Nach dem Sturmschaden im Oktober (Hobbytraum zerstört, 22. Oktober 2021) berichtete nun auch die Rheinpfalz über den Duttweiler Jäger und Imker Robert Bickel. Der Schaden am Häuschen war demnach nicht der erste, denn schon vorher haben Unbekannten die Scheiben eingeworfen, auch Zaun und Dach hat Bickel schon oft reparieren müssen.

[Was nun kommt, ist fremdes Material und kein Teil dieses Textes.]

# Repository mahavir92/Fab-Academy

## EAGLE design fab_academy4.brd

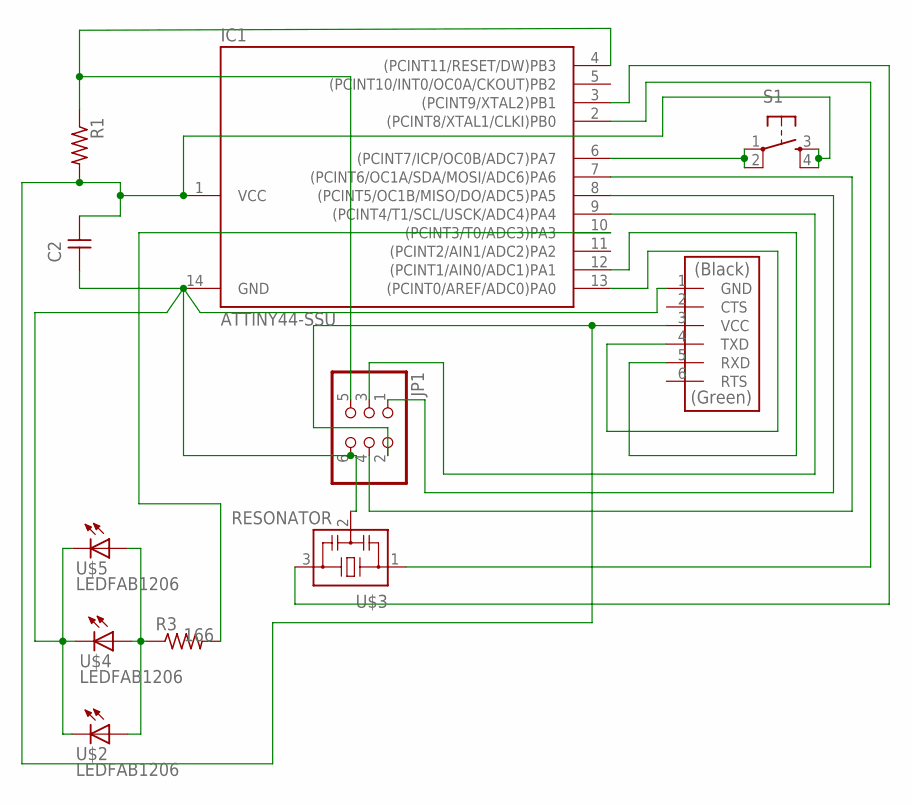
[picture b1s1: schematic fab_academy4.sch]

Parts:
C2: CAP-UNPOLARIZEDFAB; C1206FAB
IC1: ATTINY44-SSU; SOIC14
JP1: PINHD-2X3-SMD; 2X03SMD
R1, R3: RES-US1206FAB; R1206FAB
S1: 6MM_SWITCH6MM_SWITCH; 6MM_SWITCH
U$1: FTDI-SMD-HEADER; 1X06SMD
U$2, U$4, U$5: LEDFAB1206; LED1206FAB
U$3: RESONATOR; EFOBM

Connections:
unnamed: R3.1, U$2.1 (A), U$4.1 (A), U$5.1 (A)
unnamed: IC1.4 ((PCINT11/RESET/DW)PB3), JP1.5, R1.1
unnamed: C2.2, IC1.1 (VCC), JP1.2, R1.2, S1.3 (S), S1.4 (S1), U$1.3 (VCC)
unnamed: IC1.2 ((PCINT8/XTAL1/CLKI)PB0), U$3.1
unnamed: IC1.3 ((PCINT9/XTAL2)PB1), U$3.3
unnamed: IC1.7 ((PCINT6/OC1A/SDA/MOSI/ADC6)PA6), JP1.4
unnamed: IC1.8 ((PCINT5/OC1B/MISO/DO/ADC5)PA5), JP1.1
unnamed: IC1.9 ((PCINT4/T1/SCL/USCK/ADC4)PA4), JP1.3
unnamed: IC1.12 ((PCINT1/AIN0/ADC1)PA1), U$1.5 (RXD)
unnamed: IC1.13 ((PCINT0/AREF/ADC0)PA0), U$1.4 (TXD)
unnamed: C2.1, IC1.14 (GND), JP1.6, U$1.1 (GND), U$2.2 (C), U$3.2, U$4.2 (C), U$5.2 (C)
unnamed: IC1.6 ((PCINT7/ICP/OC0B/ADC7)PA7), S1.1, S1.2 (P1)
unnamed: IC1.10 ((PCINT3/T0/ADC3)PA3), R3.2

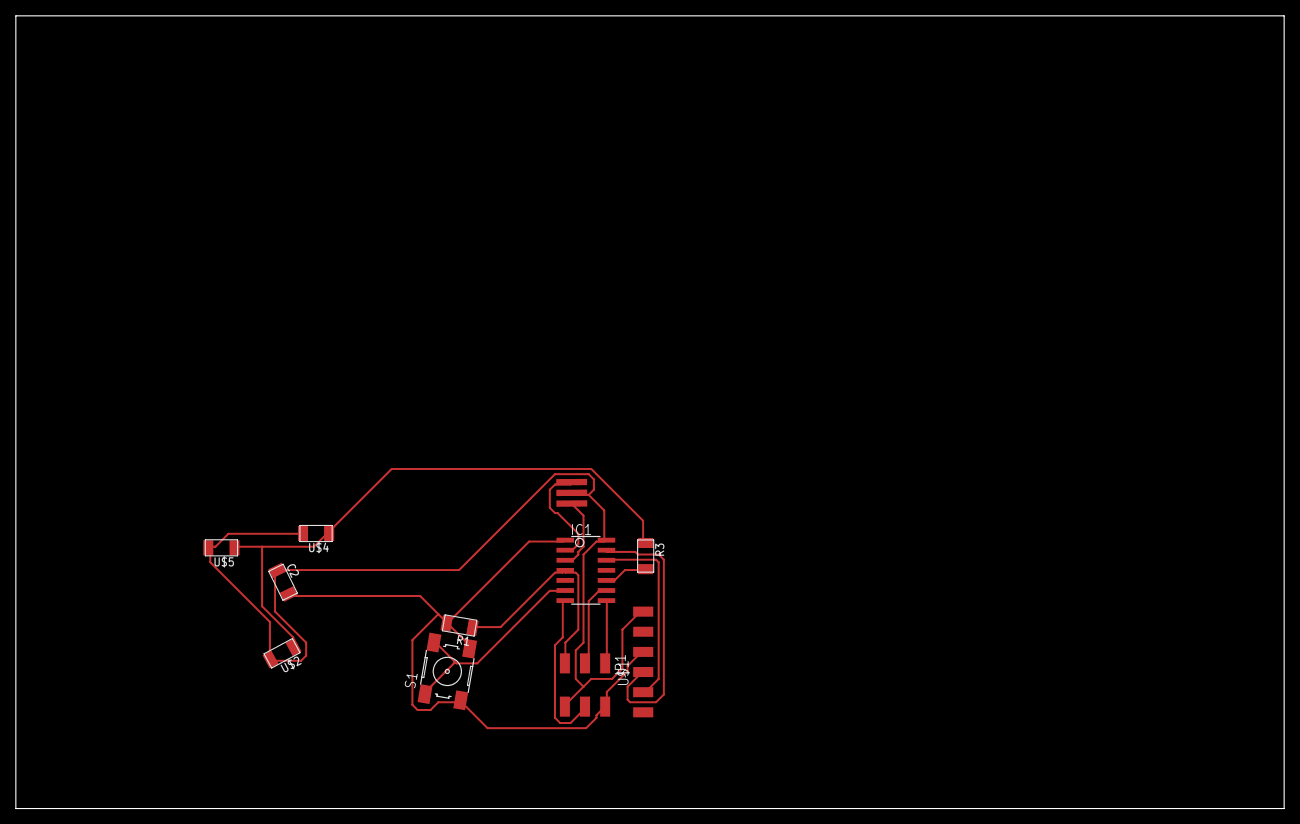
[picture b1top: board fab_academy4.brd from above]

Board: 2 copper layers, 160.0 x 100.0 mm, 11 parts (0 on the bottom side), 13 nets.

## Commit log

2017-03-21 Arduino IDE File
2017-03-21 Firefly file to make Arduino link blink

Die Anlage gibt es seit über fünf Jahrzehnten. Vor etwa 25 Jahren hat sie Robert Bickel zusammen mit seinem mittlerweile verstorbenen Duttweilerer Jagdfreund Alois Mayer vom dem Erbauer übernommen. Er berichtet auch, dass die Pappeln in den 50er-Jahren gepflanzt wurden, weil sie schnell wachsen und gutes Holz bringen.
Aber in den Jahren 2013 bis 2015 habe die Stadt aus Gründen der Verkehrssicherheit großflächig ganze Reihen zwischen Duttweiler und Geinsheim gerodet jetzt war auch wieder der Baumkontrolleur der Stadt bei ihm und hat den Schaden begutachtet. Anscheinend hat die Stadt damit gerechnet, dass es zu einem Schaden kommt, denn die Rheinpfalz zitiert den Pressesprecher der Stadt, demnach der letzte Sturm nur zutage gefördert habe, was bereits geschwelt habe: „Wahrscheinlich ein Wurzelpilz“. Dieser verwies auch auf die Eigentumsverhältnisse, obwohl ihm nicht bekannt sei, von wem die Bäume "sicher vor der Eingemeindung" gesetzt wurden. Da über städtisch übernommene pflegerische Absprachen sei nichts bekannt, ist der Grundstückseigentümer in der Verantwortung.
Aber es bestehe die Gefahr, dass sich die Wurzelkrankheit vom einen zum nächsten Baum überträgt, ob weitere Bäume betroffen sind, könne aber erst nach einer eingehenden Untersuchung festgestellt werden.
Ungeachtet dessen haben die Pappeln an diesem wassernahen Standort mit über 70 Jahren ihr Lebensende erreicht und können absterben.
Bickel indes will das Gelände aufgeben und hofft auf einen Standort am Hintergraben, den ihm Stadt zur Verfügung stellen könnte.